=== What to produce ===
In the entries below, find the line with "16.89,39.57 20.56,1.58 z15:18" and the line with "[SizingPeriod:WeatherFileDays]". Reproduce those two lines and every line between them exactly, and nothing more.

=== Entries provided ===
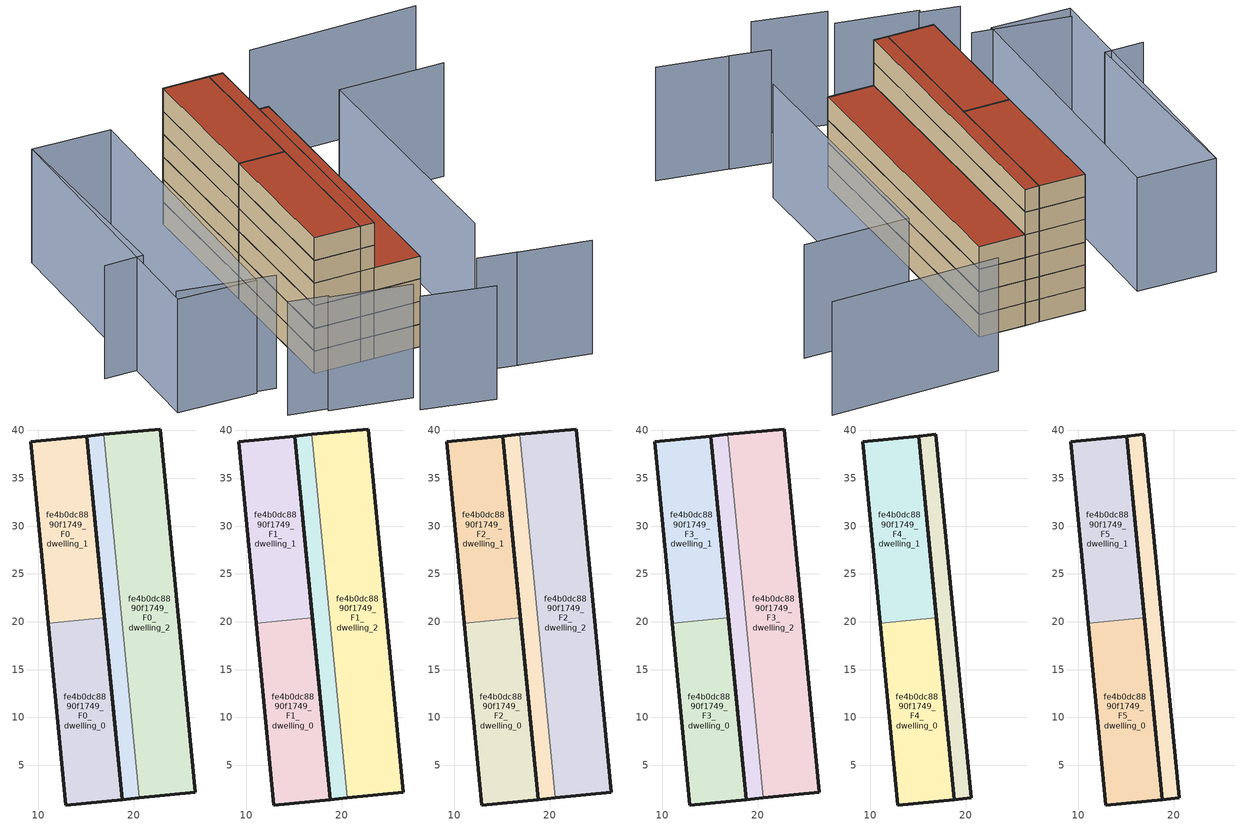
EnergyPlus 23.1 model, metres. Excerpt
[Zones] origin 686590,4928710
fe4b0dc8890f1749_F0_dwelling_0
 floor ground (EU_floor_Construction): 18.77,1.41 16.94,20.4 11.06,19.84 12.9,0.84 z0
 wall outside (EU_wall_Construction): 16.94,20.4 18.77,1.41 12.9,0.84 11.06,19.84 z0:3
 wall to fe4b0dc8890f1749_F0_dwelling_1 (EU_wall_Construction): 11.06,19.84 16.94,20.4 z0:3
fe4b0dc8890f1749_F0_dwelling_1
 floor ground (EU_floor_Construction): 16.94,20.4 15.1,39.4 9.23,38.83 11.06,19.84 z0
 wall outside (EU_wall_Construction): 11.06,19.84 9.23,38.83 15.1,39.4 16.94,20.4 z0:3
fe4b0dc8890f1749_F0_dwelling_2
 floor ground (EU_floor_Construction): 26.44,2.15 22.77,40.14 16.89,39.57 20.56,1.58 z0
 wall outside (EU_wall_Construction): 16.89,39.57 22.77,40.14 26.44,2.15 20.56,1.58 z0:3
 wall to fe4b0dc8890f1749_F0_circulation (EU_wall_Construction): 20.56,1.58 16.89,39.57 z0:3
fe4b0dc8890f1749_F0_circulation
 floor ground (EU_floor_Construction): 20.56,1.58 16.89,39.57 15.1,39.4 18.77,1.41 z0
 wall outside (EU_wall_Construction): 20.56,1.58 18.77,1.41 15.1,39.4 16.89,39.57 z0:3
fe4b0dc8890f1749_F1_dwelling_0
 floor to fe4b0dc8890f1749_F0_dwelling_0 (EU_floor_Construction): 18.77,1.41 16.94,20.4 11.06,19.84 12.9,0.84 z3
 wall outside (EU_wall_Construction): 16.94,20.4 18.77,1.41 12.9,0.84 11.06,19.84 z3:6
 wall to fe4b0dc8890f1749_F1_dwelling_1 (EU_wall_Construction): 11.06,19.84 16.94,20.4 z3:6
fe4b0dc8890f1749_F1_dwelling_1
 floor to fe4b0dc8890f1749_F0_dwelling_1 (EU_floor_Construction): 16.94,20.4 15.1,39.4 9.23,38.83 11.06,19.84 z3
 wall outside (EU_wall_Construction): 11.06,19.84 9.23,38.83 15.1,39.4 16.94,20.4 z3:6
fe4b0dc8890f1749_F1_dwelling_2
 floor to fe4b0dc8890f1749_F0_dwelling_2 (EU_floor_Construction): 26.44,2.15 22.77,40.14 16.89,39.57 20.56,1.58 z3
 wall outside (EU_wall_Construction): 16.89,39.57 22.77,40.14 26.44,2.15 20.56,1.58 z3:6
 wall to fe4b0dc8890f1749_F1_circulation (EU_wall_Construction): 20.56,1.58 16.89,39.57 z3:6
fe4b0dc8890f1749_F1_circulation
 floor to fe4b0dc8890f1749_F0_circulation (EU_floor_Construction): 20.56,1.58 16.89,39.57 15.1,39.4 18.77,1.41 z3
 wall outside (EU_wall_Construction): 20.56,1.58 18.77,1.41 15.1,39.4 16.89,39.57 z3:6
fe4b0dc8890f1749_F2_dwelling_0
 floor to fe4b0dc8890f1749_F1_dwelling_0 (EU_floor_Construction): 18.77,1.41 16.94,20.4 11.06,19.84 12.9,0.84 z6
 wall outside (EU_wall_Construction): 16.94,20.4 18.77,1.41 12.9,0.84 11.06,19.84 z6:9
 wall to fe4b0dc8890f1749_F2_dwelling_1 (EU_wall_Construction): 11.06,19.84 16.94,20.4 z6:9
fe4b0dc8890f1749_F2_dwelling_1
 floor to fe4b0dc8890f1749_F1_dwelling_1 (EU_floor_Construction): 16.94,20.4 15.1,39.4 9.23,38.83 11.06,19.84 z6
 wall outside (EU_wall_Construction): 11.06,19.84 9.23,38.83 15.1,39.4 16.94,20.4 z6:9
fe4b0dc8890f1749_F2_dwelling_2
 floor to fe4b0dc8890f1749_F1_dwelling_2 (EU_floor_Construction): 26.44,2.15 22.77,40.14 16.89,39.57 20.56,1.58 z6
 wall outside (EU_wall_Construction): 16.89,39.57 22.77,40.14 26.44,2.15 20.56,1.58 z6:9
 wall to fe4b0dc8890f1749_F2_circulation (EU_wall_Construction): 20.56,1.58 16.89,39.57 z6:9
fe4b0dc8890f1749_F2_circulation
 floor to fe4b0dc8890f1749_F1_circulation (EU_floor_Construction): 20.56,1.58 16.89,39.57 15.1,39.4 18.77,1.41 z6
 wall outside (EU_wall_Construction): 20.56,1.58 18.77,1.41 15.1,39.4 16.89,39.57 z6:9
fe4b0dc8890f1749_F3_dwelling_0
 floor to fe4b0dc8890f1749_F2_dwelling_0 (EU_floor_Construction): 18.77,1.41 16.94,20.4 11.06,19.84 12.9,0.84 z9
 wall outside (EU_wall_Construction): 16.94,20.4 18.77,1.41 12.9,0.84 11.06,19.84 z9:12
 wall to fe4b0dc8890f1749_F3_dwelling_1 (EU_wall_Construction): 11.06,19.84 16.94,20.4 z9:12
fe4b0dc8890f1749_F3_dwelling_1
 floor to fe4b0dc8890f1749_F2_dwelling_1 (EU_floor_Construction): 16.94,20.4 15.1,39.4 9.23,38.83 11.06,19.84 z9
 wall outside (EU_wall_Construction): 11.06,19.84 9.23,38.83 15.1,39.4 16.94,20.4 z9:12
fe4b0dc8890f1749_F3_dwelling_2
 floor to fe4b0dc8890f1749_F2_dwelling_2 (EU_floor_Construction): 26.44,2.15 22.77,40.14 16.89,39.57 20.56,1.58 z9
 wall outside (EU_wall_Construction): 16.89,39.57 22.77,40.14 26.44,2.15 20.56,1.58 z9:12
 wall to fe4b0dc8890f1749_F3_circulation (EU_wall_Construction): 20.56,1.58 16.89,39.57 z9:12
 roof outside (EU_roof_Construction): 22.77,40.14 26.44,2.15 20.56,1.58 16.89,39.57 z12
fe4b0dc8890f1749_F3_circulation
 floor to fe4b0dc8890f1749_F2_circulation (EU_floor_Construction): 20.56,1.58 16.89,39.57 15.1,39.4 18.77,1.41 z9
 wall outside (EU_wall_Construction): 20.56,1.58 18.77,1.41 15.1,39.4 16.89,39.57 z9:12
fe4b0dc8890f1749_F4_dwelling_0
 floor to fe4b0dc8890f1749_F3_dwelling_0 (EU_floor_Construction): 18.77,1.41 16.94,20.4 11.06,19.84 12.9,0.84 z12
 wall outside (EU_wall_Construction): 16.94,20.4 18.77,1.41 12.9,0.84 11.06,19.84 z12:15
 wall to fe4b0dc8890f1749_F4_dwelling_1 (EU_wall_Construction): 11.06,19.84 16.94,20.4 z12:15
fe4b0dc8890f1749_F4_dwelling_1
 floor to fe4b0dc8890f1749_F3_dwelling_1 (EU_floor_Construction): 16.94,20.4 15.1,39.4 9.23,38.83 11.06,19.84 z12
 wall outside (EU_wall_Construction): 11.06,19.84 9.23,38.83 15.1,39.4 16.94,20.4 z12:15
fe4b0dc8890f1749_F4_circulation
 floor to fe4b0dc8890f1749_F3_circulation (EU_floor_Construction): 20.56,1.58 16.89,39.57 15.1,39.4 18.77,1.41 z12
 wall outside (EU_wall_Construction): 20.56,1.58 18.77,1.41 15.1,39.4 16.89,39.57 20.56,1.58 z12:15
fe4b0dc8890f1749_F5_dwelling_0
 floor to fe4b0dc8890f1749_F4_dwelling_0 (EU_floor_Construction): 18.77,1.41 16.94,20.4 11.06,19.84 12.9,0.84 z15
 wall outside (EU_wall_Construction): 16.94,20.4 18.77,1.41 12.9,0.84 11.06,19.84 z15:18
 wall to fe4b0dc8890f1749_F5_dwelling_1 (EU_wall_Construction): 11.06,19.84 16.94,20.4 z15:18
 roof outside (EU_roof_Construction): 16.94,20.4 18.77,1.41 12.9,0.84 11.06,19.84 z18
fe4b0dc8890f1749_F5_dwelling_1
 floor to fe4b0dc8890f1749_F4_dwelling_1 (EU_floor_Construction): 16.94,20.4 15.1,39.4 9.23,38.83 11.06,19.84 z15
 wall outside (EU_wall_Construction): 11.06,19.84 9.23,38.83 15.1,39.4 16.94,20.4 z15:18
 roof outside (EU_roof_Construction): 15.1,39.4 16.94,20.4 11.06,19.84 9.23,38.83 z18
fe4b0dc8890f1749_F5_circulation
 floor to fe4b0dc8890f1749_F4_circulation (EU_floor_Construction): 20.56,1.58 16.89,39.57 15.1,39.4 18.77,1.41 z15
 wall outside (EU_wall_Construction): 20.56,1.58 18.77,1.41 15.1,39.4 16.89,39.57 20.56,1.58 z15:18
 roof outside (EU_roof_Construction): 16.89,39.57 20.56,1.58 18.77,1.41 15.1,39.4 z18
shading: 21.17,-11.17 30.2,-12.16 / 35.2,-5.87 44.13,-6.53 / 11.31,-7.5 21.41,-8.34 / 30.35,-5.43 35.39,-5.85 / 6.63,-6.7 11.5,-7.15 / -4.35,0.14 7.64,-0.63 / 33.05,1.97 29.78,35.9 / 29.78,35.9 43.15,37.19 / -7.84,35.88 -4.9,9.12 / -4.9,9.12 -9.82,8.58 / 44.89,50.35 23.55,48 / 2.09,36.98 5.14,-0.84 / 5.14,-0.84 -4.86,-1.64 / -4.86,-1.64 -7.9,36.18 / -7.9,36.18 2.09,36.98 z0:15
[Building]
EU S2 Campaign: North Axis=0; Terrain=City; Solar Distribution=FullExterior
[Site:Location]
Bologna: Latitude=44.5; Longitude=11.25; Time Zone=1; Elevation=37
[SizingPeriod:WeatherFileDays]
AnnualSizingPeriod: Begin Month=1; Begin Day of Month=1; End Month=12; End Day of Month=31; Day of Week for Start Day=Monday; Use Weather File Daylight Saving Period=No; Use Weather File Rain and Snow Indicators=No
[MATERIAL]
EU_InternalMass_Material: Roughness=MediumRough; Thickness=0.1; Conductivity=1; Density=1800; Specific Heat=900; Thermal Absorptance=0.9; Solar Absorptance=0.7; Visible Absorptance=0.7
[MATERIAL:NOMASS] Roughness=MediumRough; Thermal Absorptance=0.9; Solar Absorptance=0.7; Visible Absorptance=0.7
Name | Thermal Resistance
EU_wall_NoMass | 0.905828
EU_roof_NoMass | 0.37593
EU_floor_NoMass | 0.67114
[CONSTRUCTION]
EU_wall_Construction: EU_wall_NoMass
EU_roof_Construction: EU_roof_NoMass
EU_floor_Construction: EU_floor_NoMass
EU_InternalMass_Construction: EU_InternalMass_Material
[ZONE] Type=1; Multiplier=1; Ceiling Height=autocalculate; Floor Area=autocalculate; Part of Total Floor Area=Yes
Name | Volume
fe4b0dc8890f1749_F0_dwelling_0; fe4b0dc8890f1749_F1_dwelling_0; fe4b0dc8890f1749_F2_dwelling_0; fe4b0dc8890f1749_F3_dwelling_0; fe4b0dc8890f1749_F4_dwelling_0; fe4b0dc8890f1749_F5_dwelling_0 | 337.934
fe4b0dc8890f1749_F0_dwelling_1; fe4b0dc8890f1749_F1_dwelling_1; fe4b0dc8890f1749_F2_dwelling_1; fe4b0dc8890f1749_F3_dwelling_1; fe4b0dc8890f1749_F4_dwelling_1; fe4b0dc8890f1749_F5_dwelling_1 | 337.933
fe4b0dc8890f1749_F0_dwelling_2; fe4b0dc8890f1749_F1_dwelling_2; fe4b0dc8890f1749_F2_dwelling_2; fe4b0dc8890f1749_F3_dwelling_2 | 675.866
fe4b0dc8890f1749_F0_circulation; fe4b0dc8890f1749_F1_circulation; fe4b0dc8890f1749_F2_circulation; fe4b0dc8890f1749_F3_circulation; fe4b0dc8890f1749_F4_circulation; fe4b0dc8890f1749_F5_circulation | 206.038
[INTERNALMASS] Construction=EU_InternalMass_Construction
Name | Zone or ZoneList | Surface Area
fe4b0dc8890f1749_F0_dwelling_0_EU_InternalMass | fe4b0dc8890f1749_F0_dwelling_0 | 112.641
fe4b0dc8890f1749_F0_dwelling_1_EU_InternalMass | fe4b0dc8890f1749_F0_dwelling_1 | 112.641
fe4b0dc8890f1749_F0_dwelling_2_EU_InternalMass | fe4b0dc8890f1749_F0_dwelling_2 | 225.282
fe4b0dc8890f1749_F1_dwelling_0_EU_InternalMass | fe4b0dc8890f1749_F1_dwelling_0 | 112.641
fe4b0dc8890f1749_F1_dwelling_1_EU_InternalMass | fe4b0dc8890f1749_F1_dwelling_1 | 112.641
fe4b0dc8890f1749_F1_dwelling_2_EU_InternalMass | fe4b0dc8890f1749_F1_dwelling_2 | 225.282
fe4b0dc8890f1749_F2_dwelling_0_EU_InternalMass | fe4b0dc8890f1749_F2_dwelling_0 | 112.641
fe4b0dc8890f1749_F2_dwelling_1_EU_InternalMass | fe4b0dc8890f1749_F2_dwelling_1 | 112.641
fe4b0dc8890f1749_F2_dwelling_2_EU_InternalMass | fe4b0dc8890f1749_F2_dwelling_2 | 225.282
fe4b0dc8890f1749_F3_dwelling_0_EU_InternalMass | fe4b0dc8890f1749_F3_dwelling_0 | 112.641
fe4b0dc8890f1749_F3_dwelling_1_EU_InternalMass | fe4b0dc8890f1749_F3_dwelling_1 | 112.641
fe4b0dc8890f1749_F3_dwelling_2_EU_InternalMass | fe4b0dc8890f1749_F3_dwelling_2 | 225.282
fe4b0dc8890f1749_F4_dwelling_0_EU_InternalMass | fe4b0dc8890f1749_F4_dwelling_0 | 236.267
fe4b0dc8890f1749_F4_dwelling_1_EU_InternalMass | fe4b0dc8890f1749_F4_dwelling_1 | 236.267
fe4b0dc8890f1749_F5_dwelling_0_EU_InternalMass | fe4b0dc8890f1749_F5_dwelling_0 | 236.267
fe4b0dc8890f1749_F5_dwelling_1_EU_InternalMass | fe4b0dc8890f1749_F5_dwelling_1 | 236.267
[OTHEREQUIPMENT] Fuel Type=Electricity; Design Level Calculation Method=Watts/Area; Power per Zone Floor Area=1; Fraction Latent=0; Fraction Radiant=0; Fraction Lost=0; Carbon Dioxide Generation Rate=0; EndUse Subcategory=EU_Step8_InternalGains
Name | Zone or ZoneList or Space or SpaceList | Schedule
EU_Step8_InternalGain_fe4b0dc8890f1749_F0_dwelling_0_f000 | fe4b0dc8890f1749_F0_dwelling_0 | EU_Step8_GainSchedule_fe4b0dc8890f1749_F0_dwelling_0_f000
EU_Step8_InternalGain_fe4b0dc8890f1749_F0_dwelling_1_f000 | fe4b0dc8890f1749_F0_dwelling_1 | EU_Step8_GainSchedule_fe4b0dc8890f1749_F0_dwelling_1_f000
EU_Step8_InternalGain_fe4b0dc8890f1749_F0_dwelling_2_f000 | fe4b0dc8890f1749_F0_dwelling_2 | EU_Step8_GainSchedule_fe4b0dc8890f1749_F0_dwelling_2_f000
EU_Step8_InternalGain_fe4b0dc8890f1749_F1_dwelling_0_f000 | fe4b0dc8890f1749_F1_dwelling_0 | EU_Step8_GainSchedule_fe4b0dc8890f1749_F1_dwelling_0_f000
EU_Step8_InternalGain_fe4b0dc8890f1749_F1_dwelling_1_f000 | fe4b0dc8890f1749_F1_dwelling_1 | EU_Step8_GainSchedule_fe4b0dc8890f1749_F1_dwelling_1_f000
EU_Step8_InternalGain_fe4b0dc8890f1749_F1_dwelling_2_f000 | fe4b0dc8890f1749_F1_dwelling_2 | EU_Step8_GainSchedule_fe4b0dc8890f1749_F1_dwelling_2_f000
EU_Step8_InternalGain_fe4b0dc8890f1749_F2_dwelling_0_f000 | fe4b0dc8890f1749_F2_dwelling_0 | EU_Step8_GainSchedule_fe4b0dc8890f1749_F2_dwelling_0_f000
EU_Step8_InternalGain_fe4b0dc8890f1749_F2_dwelling_1_f000 | fe4b0dc8890f1749_F2_dwelling_1 | EU_Step8_GainSchedule_fe4b0dc8890f1749_F2_dwelling_1_f000
EU_Step8_InternalGain_fe4b0dc8890f1749_F2_dwelling_2_f000 | fe4b0dc8890f1749_F2_dwelling_2 | EU_Step8_GainSchedule_fe4b0dc8890f1749_F2_dwelling_2_f000
EU_Step8_InternalGain_fe4b0dc8890f1749_F3_dwelling_0_f000 | fe4b0dc8890f1749_F3_dwelling_0 | EU_Step8_GainSchedule_fe4b0dc8890f1749_F3_dwelling_0_f000
EU_Step8_InternalGain_fe4b0dc8890f1749_F3_dwelling_1_f000 | fe4b0dc8890f1749_F3_dwelling_1 | EU_Step8_GainSchedule_fe4b0dc8890f1749_F3_dwelling_1_f000
EU_Step8_InternalGain_fe4b0dc8890f1749_F3_dwelling_2_f000 | fe4b0dc8890f1749_F3_dwelling_2 | EU_Step8_GainSchedule_fe4b0dc8890f1749_F3_dwelling_2_f000
EU_Step8_InternalGain_fe4b0dc8890f1749_F4_dwelling_0_f000 | fe4b0dc8890f1749_F4_dwelling_0 | EU_Step8_GainSchedule_fe4b0dc8890f1749_F4_dwelling_0_f000
EU_Step8_InternalGain_fe4b0dc8890f1749_F4_dwelling_1_f000 | fe4b0dc8890f1749_F4_dwelling_1 | EU_Step8_GainSchedule_fe4b0dc8890f1749_F4_dwelling_1_f000
EU_Step8_InternalGain_fe4b0dc8890f1749_F5_dwelling_0_f000 | fe4b0dc8890f1749_F5_dwelling_0 | EU_Step8_GainSchedule_fe4b0dc8890f1749_F5_dwelling_0_f000
EU_Step8_InternalGain_fe4b0dc8890f1749_F5_dwelling_1_f000 | fe4b0dc8890f1749_F5_dwelling_1 | EU_Step8_GainSchedule_fe4b0dc8890f1749_F5_dwelling_1_f000
[ZONEINFILTRATION:DESIGNFLOWRATE] Schedule=EU_AlwaysOn; Design Flow Rate Calculation Method=Flow/Area; Flow Rate per Floor Area=0.0005; Constant Term Coefficient=1; Temperature Term Coefficient=0; Velocity Term Coefficient=0; Velocity Squared Term Coefficient=0
Name | Zone or ZoneList or Space or SpaceList
EU_Circulation_Infiltration_fe4b0dc8890f1749_F0_circulation | fe4b0dc8890f1749_F0_circulation
EU_Circulation_Infiltration_fe4b0dc8890f1749_F1_circulation | fe4b0dc8890f1749_F1_circulation
EU_Circulation_Infiltration_fe4b0dc8890f1749_F2_circulation | fe4b0dc8890f1749_F2_circulation
EU_Circulation_Infiltration_fe4b0dc8890f1749_F3_circulation | fe4b0dc8890f1749_F3_circulation
EU_Circulation_Infiltration_fe4b0dc8890f1749_F4_circulation | fe4b0dc8890f1749_F4_circulation
EU_Circulation_Infiltration_fe4b0dc8890f1749_F5_circulation | fe4b0dc8890f1749_F5_circulation
[ZONEVENTILATION:DESIGNFLOWRATE] Schedule=EU_AlwaysOn; Design Flow Rate Calculation Method=AirChanges/Hour; Air Changes per Hour=0.73129; Ventilation Type=Natural; Fan Pressure Rise=0; Fan Total Efficiency=1; Constant Term Coefficient=1; Temperature Term Coefficient=0; Velocity Term Coefficient=0; Velocity Squared Term Coefficient=0; Minimum Indoor Temperature=-100; Maximum Indoor Temperature=100; Delta Temperature=-100; Minimum Outdoor Temperature=-100; Maximum Outdoor Temperature=100; Maximum Wind Speed=40
Name | Zone or ZoneList or Space or SpaceList
EU_ConstantAir_fe4b0dc8890f1749_F0_dwelling_0 | fe4b0dc8890f1749_F0_dwelling_0
EU_ConstantAir_fe4b0dc8890f1749_F0_dwelling_1 | fe4b0dc8890f1749_F0_dwelling_1
EU_ConstantAir_fe4b0dc8890f1749_F0_dwelling_2 | fe4b0dc8890f1749_F0_dwelling_2
EU_ConstantAir_fe4b0dc8890f1749_F1_dwelling_0 | fe4b0dc8890f1749_F1_dwelling_0
EU_ConstantAir_fe4b0dc8890f1749_F1_dwelling_1 | fe4b0dc8890f1749_F1_dwelling_1
EU_ConstantAir_fe4b0dc8890f1749_F1_dwelling_2 | fe4b0dc8890f1749_F1_dwelling_2
EU_ConstantAir_fe4b0dc8890f1749_F2_dwelling_0 | fe4b0dc8890f1749_F2_dwelling_0
EU_ConstantAir_fe4b0dc8890f1749_F2_dwelling_1 | fe4b0dc8890f1749_F2_dwelling_1
EU_ConstantAir_fe4b0dc8890f1749_F2_dwelling_2 | fe4b0dc8890f1749_F2_dwelling_2
EU_ConstantAir_fe4b0dc8890f1749_F3_dwelling_0 | fe4b0dc8890f1749_F3_dwelling_0
EU_ConstantAir_fe4b0dc8890f1749_F3_dwelling_1 | fe4b0dc8890f1749_F3_dwelling_1
EU_ConstantAir_fe4b0dc8890f1749_F3_dwelling_2 | fe4b0dc8890f1749_F3_dwelling_2
EU_ConstantAir_fe4b0dc8890f1749_F4_dwelling_0 | fe4b0dc8890f1749_F4_dwelling_0
EU_ConstantAir_fe4b0dc8890f1749_F4_dwelling_1 | fe4b0dc8890f1749_F4_dwelling_1
EU_ConstantAir_fe4b0dc8890f1749_F5_dwelling_0 | fe4b0dc8890f1749_F5_dwelling_0
EU_ConstantAir_fe4b0dc8890f1749_F5_dwelling_1 | fe4b0dc8890f1749_F5_dwelling_1
[HVACTEMPLATE:THERMOSTAT] Constant Heating Setpoint=20; Constant Cooling Setpoint=50
EU_HeatOnly_fe4b0dc8890f1749_F0_dwelling_0; EU_HeatOnly_fe4b0dc8890f1749_F0_dwelling_1; EU_HeatOnly_fe4b0dc8890f1749_F0_dwelling_2; EU_HeatOnly_fe4b0dc8890f1749_F1_dwelling_0; EU_HeatOnly_fe4b0dc8890f1749_F1_dwelling_1; EU_HeatOnly_fe4b0dc8890f1749_F1_dwelling_2; EU_HeatOnly_fe4b0dc8890f1749_F2_dwelling_0; EU_HeatOnly_fe4b0dc8890f1749_F2_dwelling_1; EU_HeatOnly_fe4b0dc8890f1749_F2_dwelling_2; EU_HeatOnly_fe4b0dc8890f1749_F3_dwelling_0; EU_HeatOnly_fe4b0dc8890f1749_F3_dwelling_1; EU_HeatOnly_fe4b0dc8890f1749_F3_dwelling_2; EU_HeatOnly_fe4b0dc8890f1749_F4_dwelling_0; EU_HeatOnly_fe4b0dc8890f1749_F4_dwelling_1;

=== Solution to the exercise ===
 wall outside (EU_wall_Construction): 20.56,1.58 18.77,1.41 15.1,39.4 16.89,39.57 20.56,1.58 z15:18
 roof outside (EU_roof_Construction): 16.89,39.57 20.56,1.58 18.77,1.41 15.1,39.4 z18
shading: 21.17,-11.17 30.2,-12.16 / 35.2,-5.87 44.13,-6.53 / 11.31,-7.5 21.41,-8.34 / 30.35,-5.43 35.39,-5.85 / 6.63,-6.7 11.5,-7.15 / -4.35,0.14 7.64,-0.63 / 33.05,1.97 29.78,35.9 / 29.78,35.9 43.15,37.19 / -7.84,35.88 -4.9,9.12 / -4.9,9.12 -9.82,8.58 / 44.89,50.35 23.55,48 / 2.09,36.98 5.14,-0.84 / 5.14,-0.84 -4.86,-1.64 / -4.86,-1.64 -7.9,36.18 / -7.9,36.18 2.09,36.98 z0:15
[Building]
EU S2 Campaign: North Axis=0; Terrain=City; Solar Distribution=FullExterior
[Site:Location]
Bologna: Latitude=44.5; Longitude=11.25; Time Zone=1; Elevation=37
[SizingPeriod:WeatherFileDays]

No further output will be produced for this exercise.